(The records Opens)

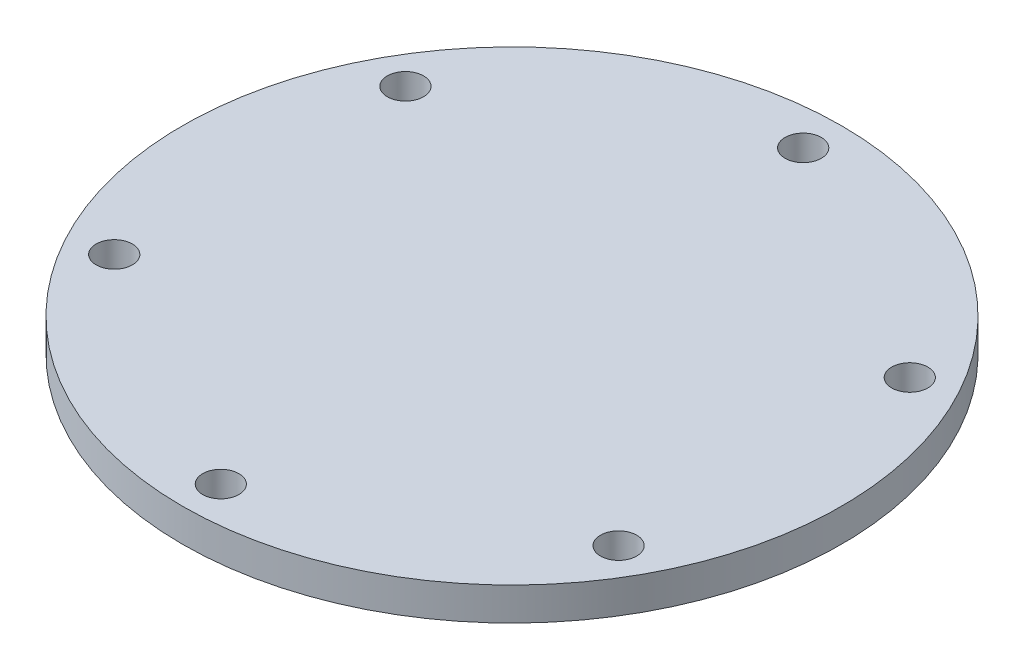
ISO-10303-21;
HEADER;
FILE_DESCRIPTION(('STEP AP214'),'2;1');
FILE_NAME('part.step','',(''),(''),'','','');
FILE_SCHEMA(('AUTOMOTIVE_DESIGN { 1 0 10303 214 1 1 1 1 }'));
ENDSEC;
DATA;
#1=APPLICATION_CONTEXT('core data for automotive mechanical design processes');
#2=APPLICATION_PROTOCOL_DEFINITION('international standard','automotive_design',2000,#1);
#3=PRODUCT_CONTEXT('',#1,'mechanical');
#4=PRODUCT('Part','Part','',(#3));
#5=PRODUCT_RELATED_PRODUCT_CATEGORY('part','',(#4));
#6=PRODUCT_DEFINITION_FORMATION('','',#4);
#7=PRODUCT_DEFINITION_CONTEXT('part definition',#1,'design');
#8=PRODUCT_DEFINITION('design','',#6,#7);
#9=PRODUCT_DEFINITION_SHAPE('','',#8);
#10=(LENGTH_UNIT() NAMED_UNIT(*) SI_UNIT(.MILLI.,.METRE.));
#11=(NAMED_UNIT(*) PLANE_ANGLE_UNIT() SI_UNIT($,.RADIAN.));
#12=(NAMED_UNIT(*) SI_UNIT($,.STERADIAN.) SOLID_ANGLE_UNIT());
#13=UNCERTAINTY_MEASURE_WITH_UNIT(LENGTH_MEASURE(1.E-05),#10,'distance_accuracy_value','');
#14=(GEOMETRIC_REPRESENTATION_CONTEXT(3) GLOBAL_UNCERTAINTY_ASSIGNED_CONTEXT((#13)) GLOBAL_UNIT_ASSIGNED_CONTEXT((#10,
#11,#12)) REPRESENTATION_CONTEXT('',''));
#15=CARTESIAN_POINT('',(0.,0.,0.));
#16=DIRECTION('',(0.,0.,1.));
#17=DIRECTION('',(1.,0.,0.));
#18=AXIS2_PLACEMENT_3D('',#15,#16,#17);
#19=CARTESIAN_POINT('',(0.,0.,0.));
#20=DIRECTION('',(0.,1.,0.));
#21=DIRECTION('',(0.,0.,1.));
#22=AXIS2_PLACEMENT_3D('',#19,#20,#21);
#23=PLANE('',#22);
#24=CARTESIAN_POINT('',(38.2593000930133,0.,22.0890172077074));
#25=DIRECTION('',(0.,-1.,0.));
#26=DIRECTION('',(0.,0.,-1.));
#27=AXIS2_PLACEMENT_3D('',#24,#25,#26);
#28=CIRCLE('',#27,2.75);
#29=CARTESIAN_POINT('',(38.2593000930133,0.,19.3390172077074));
#30=VERTEX_POINT('',#29);
#31=EDGE_CURVE('E131',#30,#30,#28,.T.);
#32=ORIENTED_EDGE('',*,*,#31,.F.);
#33=EDGE_LOOP('',(#32));
#34=FACE_BOUND('',#33,.T.);
#35=CARTESIAN_POINT('',(0.,0.,44.1780344154155));
#36=DIRECTION('',(0.,-1.,0.));
#37=DIRECTION('',(0.,0.,-1.));
#38=AXIS2_PLACEMENT_3D('',#35,#36,#37);
#39=CIRCLE('',#38,2.75);
#40=CARTESIAN_POINT('',(0.,0.,41.4280344154155));
#41=VERTEX_POINT('',#40);
#42=EDGE_CURVE('E96',#41,#41,#39,.T.);
#43=ORIENTED_EDGE('',*,*,#42,.F.);
#44=EDGE_LOOP('',(#43));
#45=FACE_BOUND('',#44,.T.);
#46=CARTESIAN_POINT('',(-38.259300093013,0.,22.0890172077079));
#47=DIRECTION('',(0.,-1.,0.));
#48=DIRECTION('',(0.,0.,-1.));
#49=AXIS2_PLACEMENT_3D('',#46,#47,#48);
#50=CIRCLE('',#49,2.75);
#51=CARTESIAN_POINT('',(-38.259300093013,0.,19.339017207708));
#52=VERTEX_POINT('',#51);
#53=EDGE_CURVE('E95',#52,#52,#50,.T.);
#54=ORIENTED_EDGE('',*,*,#53,.F.);
#55=EDGE_LOOP('',(#54));
#56=FACE_BOUND('',#55,.T.);
#57=CARTESIAN_POINT('',(-38.2593000930131,0.,-22.0890172077077));
#58=DIRECTION('',(0.,-1.,0.));
#59=DIRECTION('',(0.,0.,-1.));
#60=AXIS2_PLACEMENT_3D('',#57,#58,#59);
#61=CIRCLE('',#60,2.75);
#62=CARTESIAN_POINT('',(-38.2593000930131,0.,-24.8390172077077));
#63=VERTEX_POINT('',#62);
#64=EDGE_CURVE('E76',#63,#63,#61,.T.);
#65=ORIENTED_EDGE('',*,*,#64,.F.);
#66=EDGE_LOOP('',(#65));
#67=FACE_BOUND('',#66,.T.);
#68=CARTESIAN_POINT('',(0.,0.,-44.1780344154155));
#69=DIRECTION('',(0.,-1.,0.));
#70=DIRECTION('',(0.,0.,-1.));
#71=AXIS2_PLACEMENT_3D('',#68,#69,#70);
#72=CIRCLE('',#71,2.75);
#73=CARTESIAN_POINT('',(0.,0.,-46.9280344154155));
#74=VERTEX_POINT('',#73);
#75=EDGE_CURVE('E75',#74,#74,#72,.T.);
#76=ORIENTED_EDGE('',*,*,#75,.F.);
#77=EDGE_LOOP('',(#76));
#78=FACE_BOUND('',#77,.T.);
#79=CARTESIAN_POINT('',(0.,0.,0.));
#80=DIRECTION('',(0.,1.,0.));
#81=DIRECTION('',(0.,0.,1.));
#82=AXIS2_PLACEMENT_3D('',#79,#80,#81);
#83=CIRCLE('',#82,50.);
#84=CARTESIAN_POINT('',(0.,0.,50.));
#85=VERTEX_POINT('',#84);
#86=EDGE_CURVE('E48',#85,#85,#83,.T.);
#87=ORIENTED_EDGE('',*,*,#86,.F.);
#88=EDGE_LOOP('',(#87));
#89=FACE_BOUND('',#88,.T.);
#90=CARTESIAN_POINT('',(38.2593000930128,0.,-22.0890172077082));
#91=DIRECTION('',(0.,-1.,0.));
#92=DIRECTION('',(0.,0.,-1.));
#93=AXIS2_PLACEMENT_3D('',#90,#91,#92);
#94=CIRCLE('',#93,2.75);
#95=CARTESIAN_POINT('',(38.2593000930128,0.,-24.8390172077082));
#96=VERTEX_POINT('',#95);
#97=EDGE_CURVE('E124',#96,#96,#94,.T.);
#98=ORIENTED_EDGE('',*,*,#97,.F.);
#99=EDGE_LOOP('',(#98));
#100=FACE_BOUND('',#99,.T.);
#101=ADVANCED_FACE('F44',(#34,#45,#56,#67,#78,#89,#100),#23,.F.);
#102=CARTESIAN_POINT('',(0.,5.,0.));
#103=DIRECTION('',(0.,1.,0.));
#104=DIRECTION('',(0.,0.,1.));
#105=AXIS2_PLACEMENT_3D('',#102,#103,#104);
#106=PLANE('',#105);
#107=CARTESIAN_POINT('',(0.,5.,0.));
#108=DIRECTION('',(0.,1.,0.));
#109=DIRECTION('',(0.,0.,1.));
#110=AXIS2_PLACEMENT_3D('',#107,#108,#109);
#111=CIRCLE('',#110,50.);
#112=CARTESIAN_POINT('',(0.,5.,50.));
#113=VERTEX_POINT('',#112);
#114=EDGE_CURVE('E11',#113,#113,#111,.T.);
#115=ORIENTED_EDGE('',*,*,#114,.T.);
#116=EDGE_LOOP('',(#115));
#117=FACE_BOUND('',#116,.T.);
#118=CARTESIAN_POINT('',(0.,5.,-44.1780344154155));
#119=DIRECTION('',(0.,-1.,0.));
#120=DIRECTION('',(0.,0.,-1.));
#121=AXIS2_PLACEMENT_3D('',#118,#119,#120);
#122=CIRCLE('',#121,2.75);
#123=CARTESIAN_POINT('',(0.,5.,-46.9280344154155));
#124=VERTEX_POINT('',#123);
#125=EDGE_CURVE('E60',#124,#124,#122,.T.);
#126=ORIENTED_EDGE('',*,*,#125,.T.);
#127=EDGE_LOOP('',(#126));
#128=FACE_BOUND('',#127,.T.);
#129=CARTESIAN_POINT('',(-38.2593000930131,5.,-22.0890172077077));
#130=DIRECTION('',(0.,-1.,0.));
#131=DIRECTION('',(0.,0.,-1.));
#132=AXIS2_PLACEMENT_3D('',#129,#130,#131);
#133=CIRCLE('',#132,2.75);
#134=CARTESIAN_POINT('',(-38.2593000930131,5.,-24.8390172077077));
#135=VERTEX_POINT('',#134);
#136=EDGE_CURVE('E71',#135,#135,#133,.T.);
#137=ORIENTED_EDGE('',*,*,#136,.T.);
#138=EDGE_LOOP('',(#137));
#139=FACE_BOUND('',#138,.T.);
#140=CARTESIAN_POINT('',(-38.259300093013,5.,22.0890172077079));
#141=DIRECTION('',(0.,-1.,0.));
#142=DIRECTION('',(0.,0.,-1.));
#143=AXIS2_PLACEMENT_3D('',#140,#141,#142);
#144=CIRCLE('',#143,2.75);
#145=CARTESIAN_POINT('',(-38.259300093013,5.,19.339017207708));
#146=VERTEX_POINT('',#145);
#147=EDGE_CURVE('E102',#146,#146,#144,.T.);
#148=ORIENTED_EDGE('',*,*,#147,.T.);
#149=EDGE_LOOP('',(#148));
#150=FACE_BOUND('',#149,.T.);
#151=CARTESIAN_POINT('',(0.,5.,44.1780344154155));
#152=DIRECTION('',(0.,-1.,0.));
#153=DIRECTION('',(0.,0.,-1.));
#154=AXIS2_PLACEMENT_3D('',#151,#152,#153);
#155=CIRCLE('',#154,2.75);
#156=CARTESIAN_POINT('',(0.,5.,41.4280344154155));
#157=VERTEX_POINT('',#156);
#158=EDGE_CURVE('E90',#157,#157,#155,.T.);
#159=ORIENTED_EDGE('',*,*,#158,.T.);
#160=EDGE_LOOP('',(#159));
#161=FACE_BOUND('',#160,.T.);
#162=CARTESIAN_POINT('',(38.2593000930133,5.,22.0890172077074));
#163=DIRECTION('',(0.,-1.,0.));
#164=DIRECTION('',(0.,0.,-1.));
#165=AXIS2_PLACEMENT_3D('',#162,#163,#164);
#166=CIRCLE('',#165,2.75);
#167=CARTESIAN_POINT('',(38.2593000930133,5.,19.3390172077074));
#168=VERTEX_POINT('',#167);
#169=EDGE_CURVE('E136',#168,#168,#166,.T.);
#170=ORIENTED_EDGE('',*,*,#169,.T.);
#171=EDGE_LOOP('',(#170));
#172=FACE_BOUND('',#171,.T.);
#173=CARTESIAN_POINT('',(38.2593000930128,5.,-22.0890172077082));
#174=DIRECTION('',(0.,-1.,0.));
#175=DIRECTION('',(0.,0.,-1.));
#176=AXIS2_PLACEMENT_3D('',#173,#174,#175);
#177=CIRCLE('',#176,2.75);
#178=CARTESIAN_POINT('',(38.2593000930128,5.,-24.8390172077082));
#179=VERTEX_POINT('',#178);
#180=EDGE_CURVE('E127',#179,#179,#177,.T.);
#181=ORIENTED_EDGE('',*,*,#180,.T.);
#182=EDGE_LOOP('',(#181));
#183=FACE_BOUND('',#182,.T.);
#184=ADVANCED_FACE('F116',(#117,#128,#139,#150,#161,#172,#183),#106,.T.);
#185=CARTESIAN_POINT('',(0.,5.,0.));
#186=DIRECTION('',(0.,-1.,0.));
#187=DIRECTION('',(0.,0.,-1.));
#188=AXIS2_PLACEMENT_3D('',#185,#186,#187);
#189=CYLINDRICAL_SURFACE('',#188,50.);
#190=ORIENTED_EDGE('',*,*,#114,.F.);
#191=EDGE_LOOP('',(#190));
#192=FACE_BOUND('',#191,.T.);
#193=ORIENTED_EDGE('',*,*,#86,.T.);
#194=EDGE_LOOP('',(#193));
#195=FACE_BOUND('',#194,.T.);
#196=ADVANCED_FACE('F46',(#192,#195),#189,.T.);
#197=CARTESIAN_POINT('',(0.,0.,-44.1780344154155));
#198=DIRECTION('',(0.,-1.,0.));
#199=DIRECTION('',(0.,0.,-1.));
#200=AXIS2_PLACEMENT_3D('',#197,#198,#199);
#201=CYLINDRICAL_SURFACE('',#200,2.75);
#202=ORIENTED_EDGE('',*,*,#125,.F.);
#203=EDGE_LOOP('',(#202));
#204=FACE_BOUND('',#203,.T.);
#205=ORIENTED_EDGE('',*,*,#75,.T.);
#206=EDGE_LOOP('',(#205));
#207=FACE_BOUND('',#206,.T.);
#208=ADVANCED_FACE('F163',(#204,#207),#201,.F.);
#209=CARTESIAN_POINT('',(-38.2593000930131,0.,-22.0890172077077));
#210=DIRECTION('',(0.,-1.,0.));
#211=DIRECTION('',(0.,0.,-1.));
#212=AXIS2_PLACEMENT_3D('',#209,#210,#211);
#213=CYLINDRICAL_SURFACE('',#212,2.75);
#214=ORIENTED_EDGE('',*,*,#136,.F.);
#215=EDGE_LOOP('',(#214));
#216=FACE_BOUND('',#215,.T.);
#217=ORIENTED_EDGE('',*,*,#64,.T.);
#218=EDGE_LOOP('',(#217));
#219=FACE_BOUND('',#218,.T.);
#220=ADVANCED_FACE('F112',(#216,#219),#213,.F.);
#221=CARTESIAN_POINT('',(-38.259300093013,0.,22.0890172077079));
#222=DIRECTION('',(0.,-1.,0.));
#223=DIRECTION('',(0.,0.,-1.));
#224=AXIS2_PLACEMENT_3D('',#221,#222,#223);
#225=CYLINDRICAL_SURFACE('',#224,2.75);
#226=ORIENTED_EDGE('',*,*,#147,.F.);
#227=EDGE_LOOP('',(#226));
#228=FACE_BOUND('',#227,.T.);
#229=ORIENTED_EDGE('',*,*,#53,.T.);
#230=EDGE_LOOP('',(#229));
#231=FACE_BOUND('',#230,.T.);
#232=ADVANCED_FACE('F152',(#228,#231),#225,.F.);
#233=CARTESIAN_POINT('',(0.,0.,44.1780344154155));
#234=DIRECTION('',(0.,-1.,0.));
#235=DIRECTION('',(0.,0.,-1.));
#236=AXIS2_PLACEMENT_3D('',#233,#234,#235);
#237=CYLINDRICAL_SURFACE('',#236,2.75);
#238=ORIENTED_EDGE('',*,*,#158,.F.);
#239=EDGE_LOOP('',(#238));
#240=FACE_BOUND('',#239,.T.);
#241=ORIENTED_EDGE('',*,*,#42,.T.);
#242=EDGE_LOOP('',(#241));
#243=FACE_BOUND('',#242,.T.);
#244=ADVANCED_FACE('F154',(#240,#243),#237,.F.);
#245=CARTESIAN_POINT('',(38.2593000930133,0.,22.0890172077074));
#246=DIRECTION('',(0.,-1.,0.));
#247=DIRECTION('',(0.,0.,-1.));
#248=AXIS2_PLACEMENT_3D('',#245,#246,#247);
#249=CYLINDRICAL_SURFACE('',#248,2.75);
#250=ORIENTED_EDGE('',*,*,#169,.F.);
#251=EDGE_LOOP('',(#250));
#252=FACE_BOUND('',#251,.T.);
#253=ORIENTED_EDGE('',*,*,#31,.T.);
#254=EDGE_LOOP('',(#253));
#255=FACE_BOUND('',#254,.T.);
#256=ADVANCED_FACE('F145',(#252,#255),#249,.F.);
#257=CARTESIAN_POINT('',(38.2593000930128,0.,-22.0890172077082));
#258=DIRECTION('',(0.,-1.,0.));
#259=DIRECTION('',(0.,0.,-1.));
#260=AXIS2_PLACEMENT_3D('',#257,#258,#259);
#261=CYLINDRICAL_SURFACE('',#260,2.75);
#262=ORIENTED_EDGE('',*,*,#180,.F.);
#263=EDGE_LOOP('',(#262));
#264=FACE_BOUND('',#263,.T.);
#265=ORIENTED_EDGE('',*,*,#97,.T.);
#266=EDGE_LOOP('',(#265));
#267=FACE_BOUND('',#266,.T.);
#268=ADVANCED_FACE('F187',(#264,#267),#261,.F.);
#269=CLOSED_SHELL('',(#101,#184,#196,#208,#220,#232,#244,#256,#268));
#270=MANIFOLD_SOLID_BREP('B2',#269);
#271=ADVANCED_BREP_SHAPE_REPRESENTATION('',(#18,#270),#14);
#272=SHAPE_DEFINITION_REPRESENTATION(#9,#271);
ENDSEC;
END-ISO-10303-21;

(The records Closes)

**Task directions**
The line containing "#267=FACE_BOUND('',#266,.T.);" begins the span, and the last line of the records above ends it. Return that span exactly, and nothing outside it.

**Answer to this problem**
#267=FACE_BOUND('',#266,.T.);
#268=ADVANCED_FACE('F187',(#264,#267),#261,.F.);
#269=CLOSED_SHELL('',(#101,#184,#196,#208,#220,#232,#244,#256,#268));
#270=MANIFOLD_SOLID_BREP('B2',#269);
#271=ADVANCED_BREP_SHAPE_REPRESENTATION('',(#18,#270),#14);
#272=SHAPE_DEFINITION_REPRESENTATION(#9,#271);
ENDSEC;
END-ISO-10303-21;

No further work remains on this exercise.